Step Operation Flipped Query Result
1 insert abc false - -
2 insert xyz false - -
3 flip true - -
4 query "ab" true 0
5 flip false - -
6 query "xy" false 1

This demonstrates that flip parity fully determines interpretation and repeated flips behave consistently.

Complexity Analysis

Measure Complexity Explanation
Time O(total length of inserted strings + total query length) each character is processed a constant number of times in trie operations
Space O(total length of inserted strings) each string contributes nodes in both tries, linear in total input size

The constraints allow up to 10^5 total characters, so linear-time trie construction and traversal is well within limits, while avoiding any per-operation full string reversal.

Test Cases

import sys, io

def run(inp: str) -> str:
    sys.stdin = io.StringIO(inp)
    from sys import stdout
    import contextlib

    output = []
    def fake_print(x):
        output.append(str(x))

    global print
    old_print = print
    print = fake_print
    try:
        # inline solution
        class Trie:
            def __init__(self):
                self.next = {}

            def insert(self, s):
                node = self
                for ch in s:
                    if ch not in node.next:
                        node.next[ch] = Trie()
                    node = node.next[ch]

            def query(self, s):
                node = self
                for ch in s:
                    if ch not in node.next:
                        return False
                    node = node.next[ch]
                return True

        data = inp.strip().split()
        q = int(data[0])
        idx = 1
        f = Trie()
        b = Trie()
        flipped = False

        for _ in range(q):
            t = data[idx]
            idx += 1
            if t == "1":
                s = data[idx]
                idx += 1
                f.insert(s)
                b.insert(s[::-1])
            elif t == "3":
                flipped = not flipped
            else:
                s = data[idx]
                idx += 1
                print(1 if (b.query(s) if flipped else f.query(s)) else 0)
    finally:
        print = old_print

    return "\n".join(output)

# sample
assert run("""5
1 alice
2 alice
3
2 ali
2 ecil
""") == """1
0
1"""
Test input Expected output What it validates
Single insert + query 1 basic prefix detection
Flip then query mismatch 0 reversal correctness
Double flip returns original 1 parity handling
Multiple inserts 1/0 mix trie sharing correctness

Edge Cases

A critical edge case is when many flips occur without any insertions in between. The algorithm handles this safely because flips only toggle a boolean and do not mutate trie state, so repeated flips do not accumulate cost.

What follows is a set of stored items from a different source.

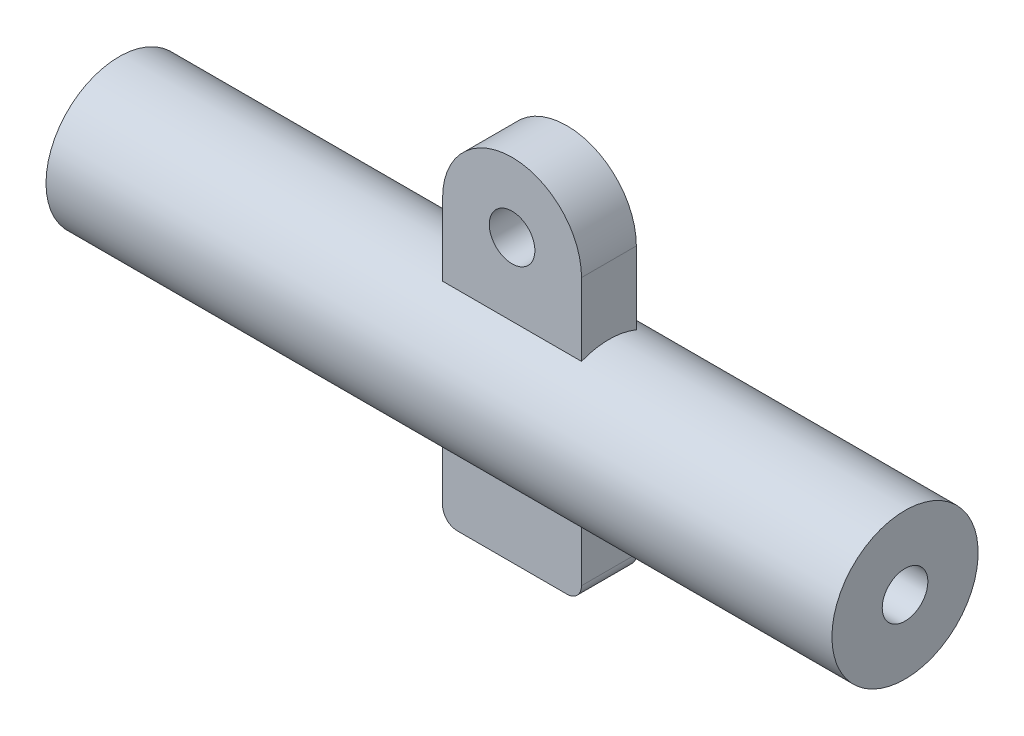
ISO-10303-21;
HEADER;
FILE_DESCRIPTION(('STEP AP214'),'2;1');
FILE_NAME('part.step','',(''),(''),'','','');
FILE_SCHEMA(('AUTOMOTIVE_DESIGN { 1 0 10303 214 1 1 1 1 }'));
ENDSEC;
DATA;
#1=APPLICATION_CONTEXT('core data for automotive mechanical design processes');
#2=APPLICATION_PROTOCOL_DEFINITION('international standard','automotive_design',2000,#1);
#3=PRODUCT_CONTEXT('',#1,'mechanical');
#4=PRODUCT('Part','Part','',(#3));
#5=PRODUCT_RELATED_PRODUCT_CATEGORY('part','',(#4));
#6=PRODUCT_DEFINITION_FORMATION('','',#4);
#7=PRODUCT_DEFINITION_CONTEXT('part definition',#1,'design');
#8=PRODUCT_DEFINITION('design','',#6,#7);
#9=PRODUCT_DEFINITION_SHAPE('','',#8);
#10=(LENGTH_UNIT() NAMED_UNIT(*) SI_UNIT(.MILLI.,.METRE.));
#11=(NAMED_UNIT(*) PLANE_ANGLE_UNIT() SI_UNIT($,.RADIAN.));
#12=(NAMED_UNIT(*) SI_UNIT($,.STERADIAN.) SOLID_ANGLE_UNIT());
#13=UNCERTAINTY_MEASURE_WITH_UNIT(LENGTH_MEASURE(1.E-05),#10,'distance_accuracy_value','');
#14=(GEOMETRIC_REPRESENTATION_CONTEXT(3) GLOBAL_UNCERTAINTY_ASSIGNED_CONTEXT((#13)) GLOBAL_UNIT_ASSIGNED_CONTEXT((#10,
#11,#12)) REPRESENTATION_CONTEXT('',''));
#15=CARTESIAN_POINT('',(0.,0.,0.));
#16=DIRECTION('',(0.,0.,1.));
#17=DIRECTION('',(1.,0.,0.));
#18=AXIS2_PLACEMENT_3D('',#15,#16,#17);
#19=CARTESIAN_POINT('',(0.,0.,0.));
#20=DIRECTION('',(-1.,0.,0.));
#21=DIRECTION('',(0.,0.,1.));
#22=AXIS2_PLACEMENT_3D('',#19,#20,#21);
#23=CYLINDRICAL_SURFACE('',#22,3.9624);
#24=CARTESIAN_POINT('',(0.,0.,0.));
#25=DIRECTION('',(-1.,0.,0.));
#26=DIRECTION('',(0.,0.,1.));
#27=AXIS2_PLACEMENT_3D('',#24,#25,#26);
#28=CIRCLE('',#27,3.9624);
#29=CARTESIAN_POINT('',(0.,0.,3.9624));
#30=VERTEX_POINT('',#29);
#31=EDGE_CURVE('E171',#30,#30,#28,.T.);
#32=ORIENTED_EDGE('',*,*,#31,.T.);
#33=EDGE_LOOP('',(#32));
#34=FACE_BOUND('',#33,.T.);
#35=CARTESIAN_POINT('',(60.96,0.,0.));
#36=DIRECTION('',(1.,0.,0.));
#37=DIRECTION('',(0.,1.,0.));
#38=AXIS2_PLACEMENT_3D('',#35,#36,#37);
#39=CIRCLE('',#38,3.9624);
#40=CARTESIAN_POINT('',(60.96,3.9624,0.));
#41=VERTEX_POINT('',#40);
#42=EDGE_CURVE('E158',#41,#41,#39,.F.);
#43=ORIENTED_EDGE('',*,*,#42,.F.);
#44=EDGE_LOOP('',(#43));
#45=FACE_BOUND('',#44,.T.);
#46=ADVANCED_FACE('F33',(#34,#45),#23,.F.);
#47=CARTESIAN_POINT('',(136.525,0.,0.));
#48=DIRECTION('',(-1.,0.,0.));
#49=DIRECTION('',(0.,0.,1.));
#50=AXIS2_PLACEMENT_3D('',#47,#48,#49);
#51=CIRCLE('',#50,3.9624);
#52=CARTESIAN_POINT('',(136.525,0.,3.9624));
#53=VERTEX_POINT('',#52);
#54=EDGE_CURVE('E168',#53,#53,#51,.T.);
#55=ORIENTED_EDGE('',*,*,#54,.F.);
#56=EDGE_LOOP('',(#55));
#57=FACE_BOUND('',#56,.T.);
#58=CARTESIAN_POINT('',(85.09,0.,0.));
#59=DIRECTION('',(-1.,0.,0.));
#60=DIRECTION('',(0.,-1.,0.));
#61=AXIS2_PLACEMENT_3D('',#58,#59,#60);
#62=CIRCLE('',#61,3.9624);
#63=CARTESIAN_POINT('',(85.09,-3.9624,0.));
#64=VERTEX_POINT('',#63);
#65=EDGE_CURVE('E155',#64,#64,#62,.F.);
#66=ORIENTED_EDGE('',*,*,#65,.F.);
#67=EDGE_LOOP('',(#66));
#68=FACE_BOUND('',#67,.T.);
#69=ADVANCED_FACE('F248',(#57,#68),#23,.F.);
#70=CARTESIAN_POINT('',(0.,0.,0.));
#71=DIRECTION('',(-1.,0.,0.));
#72=DIRECTION('',(0.,0.,1.));
#73=AXIS2_PLACEMENT_3D('',#70,#71,#72);
#74=CYLINDRICAL_SURFACE('',#73,12.7);
#75=CARTESIAN_POINT('',(60.96,0.,0.));
#76=DIRECTION('',(1.,0.,0.));
#77=DIRECTION('',(0.,1.,0.));
#78=AXIS2_PLACEMENT_3D('',#75,#76,#77);
#79=CIRCLE('',#78,12.7);
#80=CARTESIAN_POINT('',(60.96,-11.7732150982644,4.7625));
#81=VERTEX_POINT('',#80);
#82=CARTESIAN_POINT('',(60.96,-11.7732150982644,-4.7625));
#83=VERTEX_POINT('',#82);
#84=EDGE_CURVE('E184',#81,#83,#79,.T.);
#85=ORIENTED_EDGE('',*,*,#84,.F.);
#86=DIRECTION('',(-1.,0.,0.));
#87=VECTOR('',#86,1.);
#88=CARTESIAN_POINT('',(0.,-11.7732150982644,4.7625));
#89=LINE('',#88,#87);
#90=CARTESIAN_POINT('',(85.09,-11.7732150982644,4.7625));
#91=VERTEX_POINT('',#90);
#92=EDGE_CURVE('E181',#81,#91,#89,.F.);
#93=ORIENTED_EDGE('',*,*,#92,.T.);
#94=CARTESIAN_POINT('',(85.09,0.,0.));
#95=DIRECTION('',(-1.,0.,0.));
#96=DIRECTION('',(0.,-1.,0.));
#97=AXIS2_PLACEMENT_3D('',#94,#95,#96);
#98=CIRCLE('',#97,12.7);
#99=CARTESIAN_POINT('',(85.09,-11.7732150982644,-4.7625));
#100=VERTEX_POINT('',#99);
#101=EDGE_CURVE('E174',#100,#91,#98,.T.);
#102=ORIENTED_EDGE('',*,*,#101,.F.);
#103=DIRECTION('',(-1.,0.,0.));
#104=VECTOR('',#103,1.);
#105=CARTESIAN_POINT('',(0.,-11.7732150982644,-4.7625));
#106=LINE('',#105,#104);
#107=EDGE_CURVE('E177',#83,#100,#106,.F.);
#108=ORIENTED_EDGE('',*,*,#107,.F.);
#109=EDGE_LOOP('',(#85,#93,#102,#108));
#110=FACE_BOUND('',#109,.T.);
#111=CARTESIAN_POINT('',(0.,0.,0.));
#112=DIRECTION('',(-1.,0.,0.));
#113=DIRECTION('',(0.,0.,1.));
#114=AXIS2_PLACEMENT_3D('',#111,#112,#113);
#115=CIRCLE('',#114,12.7);
#116=CARTESIAN_POINT('',(0.,0.,12.7));
#117=VERTEX_POINT('',#116);
#118=EDGE_CURVE('E133',#117,#117,#115,.T.);
#119=ORIENTED_EDGE('',*,*,#118,.F.);
#120=EDGE_LOOP('',(#119));
#121=FACE_BOUND('',#120,.T.);
#122=CARTESIAN_POINT('',(136.525,0.,0.));
#123=DIRECTION('',(-1.,0.,0.));
#124=DIRECTION('',(0.,0.,1.));
#125=AXIS2_PLACEMENT_3D('',#122,#123,#124);
#126=CIRCLE('',#125,12.7);
#127=CARTESIAN_POINT('',(136.525,0.,12.7));
#128=VERTEX_POINT('',#127);
#129=EDGE_CURVE('E165',#128,#128,#126,.T.);
#130=ORIENTED_EDGE('',*,*,#129,.T.);
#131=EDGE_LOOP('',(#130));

Another edge case is querying an empty prefix or very short prefix against long stored strings. The trie ensures that even if multiple strings share prefixes, the existence check remains correct because any continuation beyond the query path confirms a valid match.

Finally, inserting strings after a sequence of flips still works because each insertion is recorded in both orientations immediately, making future state changes irrelevant to past data.